An interview was broadcast on Friday, the 20th anniversary of
the gas leak from the Union Carbide factory in Bhopal which killed
more than 3,500 people and injured over 100,000 others.
The BBC World programme, which broadcasts news 24 hours a day,
wished to cover the anniversary, and had asked a researcher to
arrange an interview with Dow Chemical, which took over Union
Carbide in 2001.
According to reports, the researcher looked on-line, and found
contact details on a web site purporting to relate to the chemicals
company. But the site was a fake, set up by on-line activists The
Yes Men, mischief-makers with a reputation for targeting big
business and international agencies, including the World Trade
Organisation.
And so Jude Finesterra, the Dow representative who turned up in
the BBC's Paris studio on Friday morning was in fact an impostor.
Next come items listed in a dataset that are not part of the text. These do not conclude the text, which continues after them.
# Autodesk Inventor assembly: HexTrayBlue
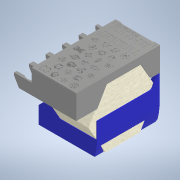
[picture p0: Inventor's stored thumbnail of the model, 180x180]
Saved by Autodesk Inventor 2021 (Build 250183000, 183)
## iProperties
Created: 2023-03-18
Part Number: HexTrayBlue
Document SubType Name: Assembly
Designer: Bradley
Author: Bradley
## Documents named in this file (12)
- C:\Users\Bradley\Git\TI4\Hexes\HexTrayBlue.iam
- C:\Users\Bradley\Git\TI4\Components\Hex_Blues_All.ipt
- C:\Users\Bradley\Git\TI4\Hexes\HexTrayBlue.ipt
- C:\Users\Bradley\Git\TI4\Components\Relics_All.ipt
- C:\Users\Bradley\Git\TI4\Components\Disk_Large_All.ipt
- C:\Users\Bradley\Git\TI4\Components\Disk_Medium_All.ipt
- C:\Users\Bradley\Git\TI4\Components\Disk_Small_All.ipt
- C:\Users\Bradley\Git\TI4\Components\Frontier_All.ipt
- C:\Users\Bradley\Git\TI4\Components\Mirage.ipt
- C:\Users\Bradley\Git\TI4\Components\Speaker.ipt
- C:\Users\Bradley\Git\TI4\Hexes\CardboardTray_Mirror.ipt
- C:\Users\Bradley\Git\TI4\Hexes\CardboardTray_Lid.ipt
## Components (11 placed, 11 different names)
1. Hex_Blues_All:1 — Mate:1, Flush:1, Mate:2
2. HexTrayBlue:1 — Mate:1, Flush:1, Mate:2, Mate:9, Mate:10, Mate:11, Insert:1, Insert:2, Mate:13, Tangent:1, Mate:14, Mate:15, Flush:4, Flush:5
3. Relics_All:1 — Mate:3, Flush:2, Flush:3, Mate:7, Mate:8, Mate:9, Mate:10, Mate:11
4. Disk_Large_All:1 — Mate:5, Mate:6, Mate:8
5. Disk_Medium_All:1 — Mate:13, Tangent:1, Mate:14
6. Disk_Small_All:1 — Insert:2
7. Frontier_All:1 — Insert:1
8. Mirage:1 — Mate:4, Flush:3, Mate:5, Mate:6
9. Speaker:1 — Mate:3, Mate:4, Flush:2, Mate:7
10. CardboardTray_Mirror:1 — Mate:15, Flush:4, Flush:5, Mate:16, Mate:17, Mate:18
11. CardboardTray_Lid:1 — Mate:16, Mate:17, Mate:18
## Relationships (25: Mate 17, Flush 5, Insert 2, Tangent 1)
- Mate:1: Hex_Blues_All:1 ↔ HexTrayBlue:1
- Flush:1: Hex_Blues_All:1 ↔ HexTrayBlue:1
- Mate:2 (0.7 mm): Hex_Blues_All:1 ↔ HexTrayBlue:1
- Mate:3: Relics_All:1 ↔ Speaker:1
- Mate:4: Mirage:1 ↔ Speaker:1
- Flush:2: Relics_All:1 ↔ Speaker:1
- Flush:3 (-2 mm): Relics_All:1 ↔ Mirage:1
- Mate:5: Disk_Large_All:1 ↔ Mirage:1
- Mate:6: Disk_Large_All:1 ↔ Mirage:1
- Mate:7: Relics_All:1 ↔ Speaker:1
- Mate:8 (-32 mm): Relics_All:1 ↔ Disk_Large_All:1
- Mate:9: HexTrayBlue:1 ↔ Relics_All:1
- Mate:10: HexTrayBlue:1 ↔ Relics_All:1
- Mate:11 (0.5 mm): HexTrayBlue:1 ↔ Relics_All:1
- Insert:1: HexTrayBlue:1 ↔ Frontier_All:1
- Insert:2: HexTrayBlue:1 ↔ Disk_Small_All:1
- Mate:13 (16.25 mm): HexTrayBlue:1 ↔ Disk_Medium_All:1
- Tangent:1: HexTrayBlue:1 ↔ Disk_Medium_All:1
- Mate:14: HexTrayBlue:1 ↔ Disk_Medium_All:1
- Mate:15: HexTrayBlue:1 ↔ CardboardTray_Mirror:1
- Flush:4: HexTrayBlue:1 ↔ CardboardTray_Mirror:1
- Flush:5: HexTrayBlue:1 ↔ CardboardTray_Mirror:1
- Mate:16: CardboardTray_Mirror:1 ↔ CardboardTray_Lid:1
- Mate:17: CardboardTray_Mirror:1 ↔ CardboardTray_Lid:1
- Mate:18 (0.08 mm): CardboardTray_Mirror:1 ↔ CardboardTray_Lid:1

And the announcements he made in the live broadcast interview,
claiming that the company was taking responsibility for the
disaster and was setting up a $12 billion fund to compensate
victims, were not true.
It took two hours for Dow Chemical to hear of the announcements,
by which time the interview had been broadcast twice. The BBC
immediately released retractions of the interview.
"This morning at 9.00 and 10.00am (GMT), BBC World ran an
interview with someone purporting to be from the Dow Chemical
company about Bhopal," said the BBC in a statement. "This interview
was inaccurate, part of an elaborate deception."
"The person did not represent the company
and we want to make clear that the information he gave was entirely
inaccurate."
The BBC has apologised to Dow and has launched an internal
inquiry.
The hoax has been criticized for raising and dashing the hopes
of victims of the tragedy on the anniversary of their ordeal.